How many IPv4 gateways do you have defined in System > Routing > Gateways?
If there is more than 1 make sure the default is set to the WAN gateway.
Steve
-
@stephenw10
I am using orange Livebox as my internet provider, then pfsense router after that I have my TPlink router connect to lan line.

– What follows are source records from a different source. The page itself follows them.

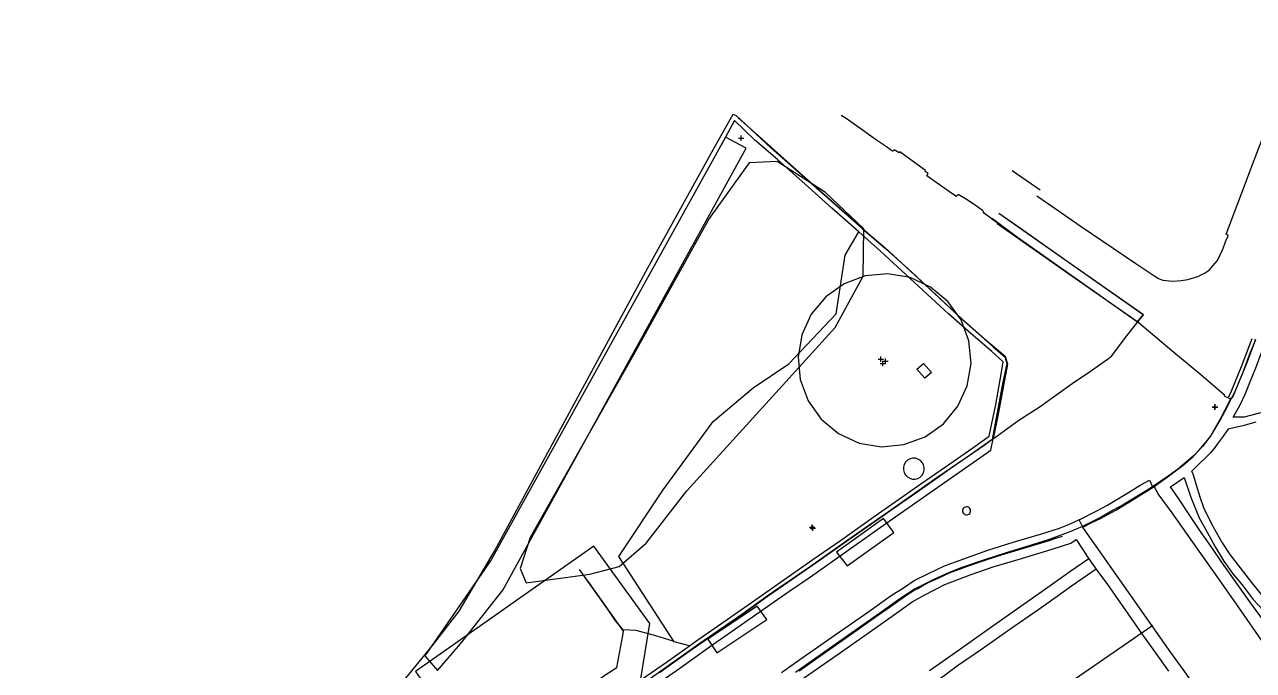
# Model space of a CAD drawing. Header units: metres. Extents: x 353335 to 353543, y 6929896 to 6930115.
# Drawn here: x 353360.86 to 353406.55, y 6930062.49 to 6930086.49 of the extents above; entities that cross this region are included whole.
import ezdxf

# ---------------------------------------------------------------- set-up
doc = ezdxf.new("R2010")
doc.units = ezdxf.units.M
for name, color, linetype in [('01 Overgang i belegg', 7, 'Continuous'), ('03 Benk', 7, 'Continuous'), ('05 Dører', 7, 'Continuous'), ('07 Gressarealer_busker', 7, 'Continuous'), ('08 Busker', 7, 'Continuous'), ('09 Hekk', 7, 'Continuous'), ('5002 Fasadeliv_fortau', 7, 'Continuous'), ('5014 Takkant_takrenne', 7, 'Continuous'), ('6002 MurLoddrett', 7, 'Continuous'), ('6113 Tre_dryppsone', 7, 'Continuous'), ('6113 Tre_stamme', 7, 'Continuous'), ('7001 Vegsenterlinje', 7, 'Continuous'), ('7005 Fortauskant ytre bunn', 7, 'Continuous'), ('7005 Fortauskant ytre topp', 7, 'Continuous'), ('7038 Bunn kantstein', 7, 'Continuous'), ('7038 Topp kantstein bakkant', 7, 'Continuous'), ('7038 Topp kantstein forkant', 7, 'Continuous'), ('7534 Overgangsfelt', 7, 'Continuous'), ('8163 Fordelingsskap', 7, 'Continuous'), ('8250 Kum', 7, 'Continuous'), ('8501 StolpeEnkel_bunn', 7, 'Continuous'), ('8501 StolpeEnkel_topp', 7, 'Continuous')]:
    doc.layers.add(name, color=color, linetype=linetype)

msp = doc.modelspace()

# ---------------------------------------------------------------- linework, layer by layer
at = {"layer": '01 Overgang i belegg', "color": 21, "true_color": 0xff9f80}
for points in [[(353407.823, 6930072.305, 3.339), (353407.435, 6930072.219, 3.324), (353406.208, 6930071.897, 3.3), (353405.801, 6930071.9, 3.3), (353406.037, 6930072.339, 3.311), (353406.254, 6930072.785, 3.299), (353406.409, 6930073.183, 3.318), (353406.641, 6930073.734, 3.34), (353406.887, 6930074.395, 3.36), (353407.168, 6930075.155, 3.373), (353407.573, 6930076.119, 3.408), (353407.87, 6930076.926, 3.42), (353408.216, 6930077.763, 3.46), (353408.497, 6930078.443, 3.469), (353408.78, 6930079.168, 3.502), (353408.873, 6930079.446, 3.502), (353410.206, 6930082.95, 3.628), (353410.585, 6930083.961, 3.66), (353411.022, 6930085.172, 3.697), (353411.524, 6930086.403, 3.728), (353411.576, 6930086.491, 3.734)], [(353383.677, 6930061.491, 3.188), (353385.218, 6930062.566, 3.191), (353386.369, 6930063.384, 3.188), (353389.271, 6930065.415, 3.184), (353390.08, 6930065.964, 3.179), (353392.881, 6930067.945, 3.164), (353395.307, 6930069.643, 3.181), (353396.79, 6930070.677, 3.216), (353396.879, 6930071.1, 3.225), (353397.833, 6930071.786, 3.277), (353398.58, 6930072.278, 3.328), (353399.894, 6930073.211, 3.401), (353400.403, 6930073.549, 3.425), (353401.156, 6930074.078, 3.464), (353401.285, 6930074.185, 3.479), (353401.787, 6930074.867, 3.513), (353402.254, 6930075.438, 3.592), (353403.584, 6930074.316, 3.493), (353404.513, 6930073.552, 3.475), (353405.464, 6930072.738, 3.455), (353405.463, 6930072.697, 3.456), (353405.692, 6930072.582, 3.45)], [(353406.634, 6930071.71, 3.299), (353406.158, 6930071.578, 3.301), (353405.613, 6930071.452, 3.293), (353405.563, 6930071.397, 3.303), (353405.424, 6930071.191, 3.301), (353405.195, 6930070.898, 3.295), (353405.094, 6930070.732, 3.3), (353404.947, 6930070.569, 3.294), (353404.756, 6930070.371, 3.292), (353404.585, 6930070.213, 3.285), (353404.246, 6930069.88, 3.288), (353404.281, 6930069.827, 3.293), (353404.352, 6930069.601, 3.3), (353404.527, 6930069.018, 3.314), (353404.702, 6930068.508, 3.308), (353405.053, 6930067.821, 3.315), (353405.389, 6930067.23, 3.311), (353405.671, 6930066.794, 3.321), (353405.963, 6930066.416, 3.316), (353406.474, 6930065.758, 3.339), (353406.902, 6930065.237, 3.343)], [(353400.197, 6930067.843, 3.23), (353400.076, 6930068.088, 3.239), (353400.729, 6930068.42, 3.245), (353401.104, 6930068.62, 3.238), (353401.905, 6930069.095, 3.259), (353402.342, 6930069.378, 3.269), (353402.69, 6930069.561, 3.276), (353402.796, 6930069.306, 3.264)], [(353407.021, 6930064.21, 3.34), (353406.41, 6930065.038, 3.323), (353405.845, 6930065.837, 3.313), (353405.385, 6930066.483, 3.297), (353405, 6930067.058, 3.291), (353404.581, 6930067.654, 3.301), (353404.185, 6930068.247, 3.286), (353403.776, 6930068.862, 3.257), (353403.467, 6930069.317, 3.279), (353403.973, 6930069.655, 3.285)], [(353403.973, 6930069.655, 3.285), (353404.238, 6930068.895, 3.288), (353404.537, 6930068.163, 3.3), (353404.824, 6930067.627, 3.302), (353405.126, 6930067.082, 3.302), (353405.454, 6930066.548, 3.308), (353405.787, 6930066.079, 3.298), (353406.125, 6930065.663, 3.325), (353406.537, 6930065.127, 3.322), (353406.914, 6930064.724, 3.343)], [(353400.076, 6930068.088, 3.239), (353399.698, 6930067.911, 3.226), (353399.331, 6930067.76, 3.212), (353398.621, 6930067.536, 3.197), (353397.608, 6930067.239, 3.176), (353396.659, 6930066.94, 3.154), (353396.183, 6930066.777, 3.141), (353395.057, 6930066.362, 3.127), (353394.43, 6930066.067, 3.119), (353393.979, 6930065.842, 3.124), (353393.537, 6930065.545, 3.115), (353393.084, 6930065.26, 3.116), (353392.25, 6930064.669, 3.115), (353390.994, 6930063.798, 3.119), (353389.683, 6930062.876, 3.12), (353389.004, 6930062.404, 3.124)], [(353388.935, 6930061.58, 2.932), (353390.949, 6930062.981, 2.931), (353392.157, 6930063.823, 2.933), (353393.117, 6930064.503, 2.944), (353393.863, 6930065.034, 2.951), (353394.327, 6930065.292, 2.956), (353395.073, 6930065.682, 2.984), (353396.017, 6930066.04, 3.021), (353396.906, 6930066.346, 3.061), (353397.806, 6930066.609, 3.105), (353399.062, 6930066.997, 3.164), (353399.758, 6930067.214, 3.196), (353399.964, 6930067.352, 3.199)], [(353399.964, 6930067.352, 3.199), (353400.428, 6930066.63, 3.221), (353400.728, 6930066.208, 3.222), (353401.119, 6930065.678, 3.211), (353401.887, 6930064.576, 3.22), (353402.429, 6930063.806, 3.224), (353402.876, 6930063.186, 3.232), (353403.389, 6930062.455, 3.234)], [(353400.428, 6930066.63, 3.221), (353399.722, 6930066.15, 3.19), (353398.903, 6930065.572, 3.145), (353397.657, 6930064.691, 3.062), (353396.655, 6930063.982, 3.011), (353395.618, 6930063.259, 2.961), (353394.505, 6930062.469, 2.922)], [(353400.699, 6930066.249, 3.222), (353399.791, 6930065.614, 3.184), (353399.246, 6930065.24, 3.154), (353398.575, 6930064.755, 3.103), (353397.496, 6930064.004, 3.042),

If you don't my I can give you my anydesk so you can remote connect to my pc -
I'm sorry I can't do that currently.
Go to Status > Gateways.
How many gateways are shown? Can we see a screenshot?Steve
-
here is what I can see :
Aug 25 20:15:36 dpinger 39071 WAN_DHCP 192.168.254.130: sendto error: 65
Aug 25 20:15:36 dpinger 39071 WAN_DHCP 192.168.254.130: sendto error: 65
Aug 25 20:15:37 dpinger 39071 WAN_DHCP 192.168.254.130: sendto error: 65
Aug 25 20:15:37 dpinger 39071 WAN_DHCP 192.168.254.130: sendto error: 65
Aug 25 20:15:38 dpinger 39071 WAN_DHCP 192.168.254.130: sendto error: 65
Aug 25 20:15:38 dpinger 39071 WAN_DHCP 192.168.254.130: sendto error: 65
Aug 25 20:15:39 dpinger 39071 WAN_DHCP 192.168.254.130: sendto error: 65
Aug 25 20:15:39 dpinger 39071 WAN_DHCP 192.168.254.130: sendto error: 65
Aug 25 20:15:40 dpinger 39071 WAN_DHCP 192.168.254.130: sendto error: 65
Aug 25 20:15:40 dpinger 39071 WAN_DHCP 192.168.254.130: sendto error: 65
Aug 25 20:15:41 dpinger 39071 WAN_DHCP 192.168.254.130: sendto error: 65
Aug 25 20:15:41 dpinger 39071 WAN_DHCP 192.168.254.130: sendto error: 65
Aug 25 20:15:42 dpinger 39071 WAN_DHCP 192.168.254.130: sendto error: 65
Aug 25 20:15:42 dpinger 39071 WAN_DHCP 192.168.254.130: sendto error: 65
Aug 25 20:15:43 dpinger 39071 WAN_DHCP 192.168.254.130: sendto error: 65
Aug 25 20:15:43 dpinger 39071 WAN_DHCP 192.168.254.130: sendto error: 65
Aug 25 20:15:44 dpinger 39071 WAN_DHCP 192.168.254.130: sendto error: 65
Aug 25 20:15:45 dpinger 39071 WAN_DHCP 192.168.254.130: sendto error: 65
Aug 25 20:15:45 dpinger 39071 WAN_DHCP 192.168.254.130: sendto error: 65
Aug 25 20:15:46 dpinger 39071 WAN_DHCP 192.168.254.130: sendto error: 65
Aug 25 20:15:46 dpinger 39071 WAN_DHCP 192.168.254.130: sendto error: 65
Aug 25 20:15:47 dpinger 39071 WAN_DHCP 192.168.254.130: sendto error: 65 -
Aug 25 20:20:03 dpinger 52155 send_interval 500ms loss_interval 2000ms time_period 60000ms report_interval 0ms data_len 1 alert_interval 1000ms latency_alarm 500ms loss_alarm 20% dest_addr 192.168.254.130 bind_addr 192.168.254.13 identifier "WAN_DHCP "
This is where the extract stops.